Mrs. B decided to give brain training a try. "My mother had Alzheimer's disease," she said, with a touch of sadness in her voice. "I want to do everything I can to avoid developing dementia and burdening my family."

The science is so new that reputable cognitive training programs aren't yet widely available. Although her family found lots of brain training sites on the Internet promising fast results, Mrs. B chose instead to sign up for a special research study at a nearby academic medical center. An added benefit was that the research center helped provide other non-drug care that may reduce the chance of developing dementia, such as good control of blood pressure and a regular exercise program.

I last saw Mrs. B a few weeks ago; her son was in town and the family had invited me over for dinner. She proudly showed me her latest memory strategy: a little notebook in which she's now diligently writing down appointments. "I can't keep it all in my head the way I used to," she remarked. "But this notebook is helping me a lot."

My prescription for caregivers:

  • If you have concerns regarding memory or ability to function in daily life, get your loved one evaluated by a doctor. It's helpful for a knowledgeable caregiver to come along to the doctor's visit. Specify that you'd like your loved one evaluated for "cognitive impairment."

  • A first evaluation for concern about memory and/or thinking should include a physical exam, detailed questioning about the concerning symptoms, a review of medications being taken, and blood work. These steps also help doctors check for delirium and other reversible causes of thinking problems.

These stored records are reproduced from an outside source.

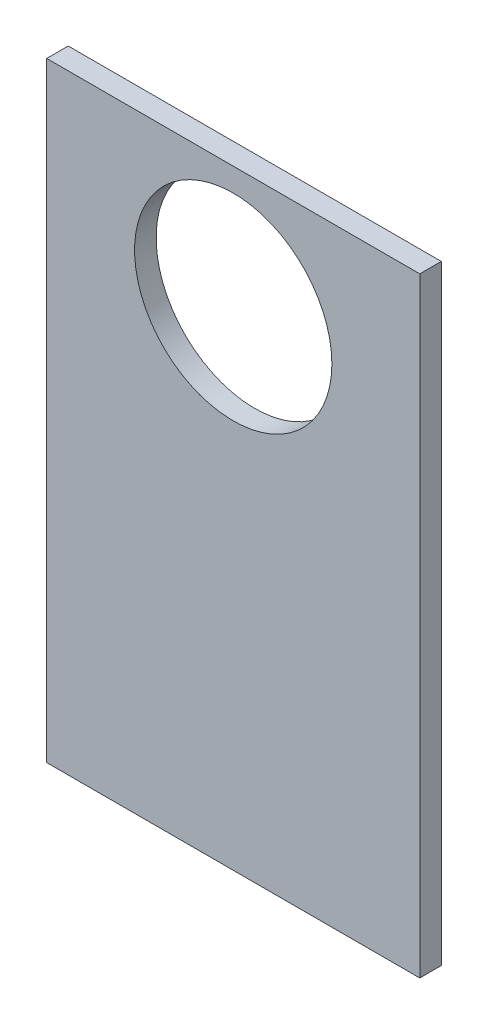
ISO-10303-21;
HEADER;
FILE_DESCRIPTION(('STEP AP214'),'2;1');
FILE_NAME('part.step','',(''),(''),'','','');
FILE_SCHEMA(('AUTOMOTIVE_DESIGN { 1 0 10303 214 1 1 1 1 }'));
ENDSEC;
DATA;
#1=APPLICATION_CONTEXT('core data for automotive mechanical design processes');
#2=APPLICATION_PROTOCOL_DEFINITION('international standard','automotive_design',2000,#1);
#3=PRODUCT_CONTEXT('',#1,'mechanical');
#4=PRODUCT('Part','Part','',(#3));
#5=PRODUCT_RELATED_PRODUCT_CATEGORY('part','',(#4));
#6=PRODUCT_DEFINITION_FORMATION('','',#4);
#7=PRODUCT_DEFINITION_CONTEXT('part definition',#1,'design');
#8=PRODUCT_DEFINITION('design','',#6,#7);
#9=PRODUCT_DEFINITION_SHAPE('','',#8);
#10=(LENGTH_UNIT() NAMED_UNIT(*) SI_UNIT(.MILLI.,.METRE.));
#11=(NAMED_UNIT(*) PLANE_ANGLE_UNIT() SI_UNIT($,.RADIAN.));
#12=(NAMED_UNIT(*) SI_UNIT($,.STERADIAN.) SOLID_ANGLE_UNIT());
#13=UNCERTAINTY_MEASURE_WITH_UNIT(LENGTH_MEASURE(1.E-05),#10,'distance_accuracy_value','');
#14=(GEOMETRIC_REPRESENTATION_CONTEXT(3) GLOBAL_UNCERTAINTY_ASSIGNED_CONTEXT((#13)) GLOBAL_UNIT_ASSIGNED_CONTEXT((#10,
#11,#12)) REPRESENTATION_CONTEXT('',''));
#15=CARTESIAN_POINT('',(0.,0.,0.));
#16=DIRECTION('',(0.,0.,1.));
#17=DIRECTION('',(1.,0.,0.));
#18=AXIS2_PLACEMENT_3D('',#15,#16,#17);
#19=CARTESIAN_POINT('',(26.0000000000001,-10.,33.));
#20=DIRECTION('',(1.,0.,0.));
#21=DIRECTION('',(0.,1.,0.));
#22=AXIS2_PLACEMENT_3D('',#19,#20,#21);
#23=PLANE('',#22);
#24=DIRECTION('',(0.,0.,1.));
#25=VECTOR('',#24,1.);
#26=CARTESIAN_POINT('',(26.0000000000001,-95.,33.));
#27=LINE('',#26,#25);
#28=CARTESIAN_POINT('',(26.0000000000001,-95.,30.));
#29=VERTEX_POINT('',#28);
#30=CARTESIAN_POINT('',(26.0000000000001,-95.,33.));
#31=VERTEX_POINT('',#30);
#32=EDGE_CURVE('E11',#29,#31,#27,.T.);
#33=ORIENTED_EDGE('',*,*,#32,.F.);
#34=DIRECTION('',(0.,1.,0.));
#35=VECTOR('',#34,1.);
#36=CARTESIAN_POINT('',(26.0000000000001,0.,30.));
#37=LINE('',#36,#35);
#38=CARTESIAN_POINT('',(26.0000000000001,-10.,30.));
#39=VERTEX_POINT('',#38);
#40=EDGE_CURVE('E93',#29,#39,#37,.T.);
#41=ORIENTED_EDGE('',*,*,#40,.T.);
#42=DIRECTION('',(0.,0.,1.));
#43=VECTOR('',#42,1.);
#44=CARTESIAN_POINT('',(26.0000000000001,-10.,33.));
#45=LINE('',#44,#43);
#46=CARTESIAN_POINT('',(26.0000000000001,-10.,33.));
#47=VERTEX_POINT('',#46);
#48=EDGE_CURVE('E47',#39,#47,#45,.T.);
#49=ORIENTED_EDGE('',*,*,#48,.T.);
#50=DIRECTION('',(0.,1.,0.));
#51=VECTOR('',#50,1.);
#52=CARTESIAN_POINT('',(26.0000000000001,-10.,33.));
#53=LINE('',#52,#51);
#54=EDGE_CURVE('E109',#31,#47,#53,.T.);
#55=ORIENTED_EDGE('',*,*,#54,.F.);
#56=EDGE_LOOP('',(#33,#41,#49,#55));
#57=FACE_BOUND('',#56,.T.);
#58=ADVANCED_FACE('F37',(#57),#23,.T.);
#59=CARTESIAN_POINT('',(-25.9999999999999,-10.,33.));
#60=DIRECTION('',(0.,1.,0.));
#61=DIRECTION('',(-1.,0.,0.));
#62=AXIS2_PLACEMENT_3D('',#59,#60,#61);
#63=PLANE('',#62);
#64=ORIENTED_EDGE('',*,*,#48,.F.);
#65=DIRECTION('',(1.,0.,0.));
#66=VECTOR('',#65,1.);
#67=CARTESIAN_POINT('',(0.,-10.,30.));
#68=LINE('',#67,#66);
#69=CARTESIAN_POINT('',(-25.9999999999999,-10.,30.));
#70=VERTEX_POINT('',#69);
#71=EDGE_CURVE('E100',#39,#70,#68,.F.);
#72=ORIENTED_EDGE('',*,*,#71,.T.);
#73=DIRECTION('',(0.,0.,1.));
#74=VECTOR('',#73,1.);
#75=CARTESIAN_POINT('',(-25.9999999999999,-10.,33.));
#76=LINE('',#75,#74);
#77=CARTESIAN_POINT('',(-25.9999999999999,-10.,33.));
#78=VERTEX_POINT('',#77);
#79=EDGE_CURVE('E55',#70,#78,#76,.T.);
#80=ORIENTED_EDGE('',*,*,#79,.T.);
#81=DIRECTION('',(-1.,0.,0.));
#82=VECTOR('',#81,1.);
#83=CARTESIAN_POINT('',(-25.9999999999999,-10.,33.));
#84=LINE('',#83,#82);
#85=EDGE_CURVE('E114',#47,#78,#84,.T.);
#86=ORIENTED_EDGE('',*,*,#85,.F.);
#87=EDGE_LOOP('',(#64,#72,#80,#86));
#88=FACE_BOUND('',#87,.T.);
#89=ADVANCED_FACE('F116',(#88),#63,.T.);
#90=CARTESIAN_POINT('',(-25.9999999999999,-10.,33.));
#91=DIRECTION('',(-1.,0.,0.));
#92=DIRECTION('',(0.,-1.,0.));
#93=AXIS2_PLACEMENT_3D('',#90,#91,#92);
#94=PLANE('',#93);
#95=ORIENTED_EDGE('',*,*,#79,.F.);
#96=DIRECTION('',(0.,1.,0.));
#97=VECTOR('',#96,1.);
#98=CARTESIAN_POINT('',(-25.9999999999999,0.,30.));
#99=LINE('',#98,#97);
#100=CARTESIAN_POINT('',(-25.9999999999999,-95.,30.));
#101=VERTEX_POINT('',#100);
#102=EDGE_CURVE('E92',#70,#101,#99,.F.);
#103=ORIENTED_EDGE('',*,*,#102,.T.);
#104=DIRECTION('',(0.,0.,1.));
#105=VECTOR('',#104,1.);
#106=CARTESIAN_POINT('',(-25.9999999999999,-95.,33.));
#107=LINE('',#106,#105);
#108=CARTESIAN_POINT('',(-25.9999999999999,-95.,33.));
#109=VERTEX_POINT('',#108);
#110=EDGE_CURVE('E41',#101,#109,#107,.T.);
#111=ORIENTED_EDGE('',*,*,#110,.T.);
#112=DIRECTION('',(0.,-1.,0.));
#113=VECTOR('',#112,1.);
#114=CARTESIAN_POINT('',(-25.9999999999999,-10.,33.));
#115=LINE('',#114,#113);
#116=EDGE_CURVE('E106',#78,#109,#115,.T.);
#117=ORIENTED_EDGE('',*,*,#116,.F.);
#118=EDGE_LOOP('',(#95,#103,#111,#117));
#119=FACE_BOUND('',#118,.T.);
#120=ADVANCED_FACE('F95',(#119),#94,.T.);
#121=CARTESIAN_POINT('',(-25.9999999999999,-95.,33.));
#122=DIRECTION('',(0.,-1.,0.));
#123=DIRECTION('',(1.,0.,0.));
#124=AXIS2_PLACEMENT_3D('',#121,#122,#123);
#125=PLANE('',#124);
#126=DIRECTION('',(1.,0.,0.));
#127=VECTOR('',#126,1.);
#128=CARTESIAN_POINT('',(0.,-95.,30.));
#129=LINE('',#128,#127);
#130=EDGE_CURVE('E80',#101,#29,#129,.T.);
#131=ORIENTED_EDGE('',*,*,#130,.T.);
#132=ORIENTED_EDGE('',*,*,#32,.T.);
#133=DIRECTION('',(1.,0.,0.));
#134=VECTOR('',#133,1.);
#135=CARTESIAN_POINT('',(-25.9999999999999,-95.,33.));
#136=LINE('',#135,#134);
#137=EDGE_CURVE('E82',#109,#31,#136,.T.);
#138=ORIENTED_EDGE('',*,*,#137,.F.);
#139=ORIENTED_EDGE('',*,*,#110,.F.);
#140=EDGE_LOOP('',(#131,#132,#138,#139));
#141=FACE_BOUND('',#140,.T.);
#142=ADVANCED_FACE('F79',(#141),#125,.T.);
#143=CARTESIAN_POINT('',(0.,-27.,33.));
#144=DIRECTION('',(0.,0.,1.));
#145=DIRECTION('',(1.,0.,0.));
#146=AXIS2_PLACEMENT_3D('',#143,#144,#145);
#147=CYLINDRICAL_SURFACE('',#146,13.75);
#148=CARTESIAN_POINT('',(0.,-27.,33.));
#149=DIRECTION('',(0.,0.,1.));
#150=DIRECTION('',(1.,0.,0.));
#151=AXIS2_PLACEMENT_3D('',#148,#149,#150);
#152=CIRCLE('',#151,13.75);
#153=CARTESIAN_POINT('',(13.75,-27.,33.));
#154=VERTEX_POINT('',#153);
#155=EDGE_CURVE('E86',#154,#154,#152,.T.);
#156=ORIENTED_EDGE('',*,*,#155,.T.);
#157=EDGE_LOOP('',(#156));
#158=FACE_BOUND('',#157,.T.);
#159=CARTESIAN_POINT('',(0.,-27.,30.));
#160=DIRECTION('',(0.,0.,1.));
#161=DIRECTION('',(1.,0.,0.));
#162=AXIS2_PLACEMENT_3D('',#159,#160,#161);
#163=CIRCLE('',#162,13.75);
#164=CARTESIAN_POINT('',(13.75,-27.,30.));
#165=VERTEX_POINT('',#164);
#166=EDGE_CURVE('E102',#165,#165,#163,.T.);
#167=ORIENTED_EDGE('',*,*,#166,.F.);
#168=EDGE_LOOP('',(#167));
#169=FACE_BOUND('',#168,.T.);
#170=ADVANCED_FACE('F39',(#158,#169),#147,.F.);
#171=CARTESIAN_POINT('',(0.,0.,33.));
#172=DIRECTION('',(0.,0.,1.));
#173=DIRECTION('',(1.,0.,0.));
#174=AXIS2_PLACEMENT_3D('',#171,#172,#173);
#175=PLANE('',#174);
#176=ORIENTED_EDGE('',*,*,#116,.T.);
#177=ORIENTED_EDGE('',*,*,#137,.T.);
#178=ORIENTED_EDGE('',*,*,#54,.T.);
#179=ORIENTED_EDGE('',*,*,#85,.T.);
#180=EDGE_LOOP('',(#176,#177,#178,#179));
#181=FACE_BOUND('',#180,.T.);
#182=ORIENTED_EDGE('',*,*,#155,.F.);
#183=EDGE_LOOP('',(#182));
#184=FACE_BOUND('',#183,.T.);
#185=ADVANCED_FACE('F112',(#181,#184),#175,.T.);
#186=CARTESIAN_POINT('',(0.,0.,30.));
#187=DIRECTION('',(0.,0.,1.));
#188=DIRECTION('',(1.,0.,0.));
#189=AXIS2_PLACEMENT_3D('',#186,#187,#188);
#190=PLANE('',#189);
#191=ORIENTED_EDGE('',*,*,#102,.F.);
#192=ORIENTED_EDGE('',*,*,#71,.F.);
#193=ORIENTED_EDGE('',*,*,#40,.F.);
#194=ORIENTED_EDGE('',*,*,#130,.F.);
#195=EDGE_LOOP('',(#191,#192,#193,#194));
#196=FACE_BOUND('',#195,.T.);
#197=ORIENTED_EDGE('',*,*,#166,.T.);
#198=EDGE_LOOP('',(#197));
#199=FACE_BOUND('',#198,.T.);
#200=ADVANCED_FACE('F89',(#196,#199),#190,.F.);
#201=CLOSED_SHELL('',(#58,#89,#120,#142,#170,#185,#200));
#202=MANIFOLD_SOLID_BREP('B2',#201);
#203=ADVANCED_BREP_SHAPE_REPRESENTATION('',(#18,#202),#14);
#204=SHAPE_DEFINITION_REPRESENTATION(#9,#203);
ENDSEC;
END-ISO-10303-21;

  • Know that "mild cognitive impairment" (MCI) is usually diagnosed in people who show some objective sign of memory or other thinking problem, while maintaining overall ability to function at home and in society. It doesn't mean your loved one is definitely on the way to developing Alzheimer's or another dementia.

  • Understand that in many people MCI seems to be a "pre-dementia" stage: About 10 percent of people with MCI convert to dementia every year.

  • Know that cognitive training (or brain training) hasn't yet been proven to reduce the chance of dementia but can probably help a person with MCI in the short-term.

  • Realize that reputable brain training programs are not yet widely available. While software programs and other tools may not hurt, signing up to be part of research at an academic medical center may be a better bet.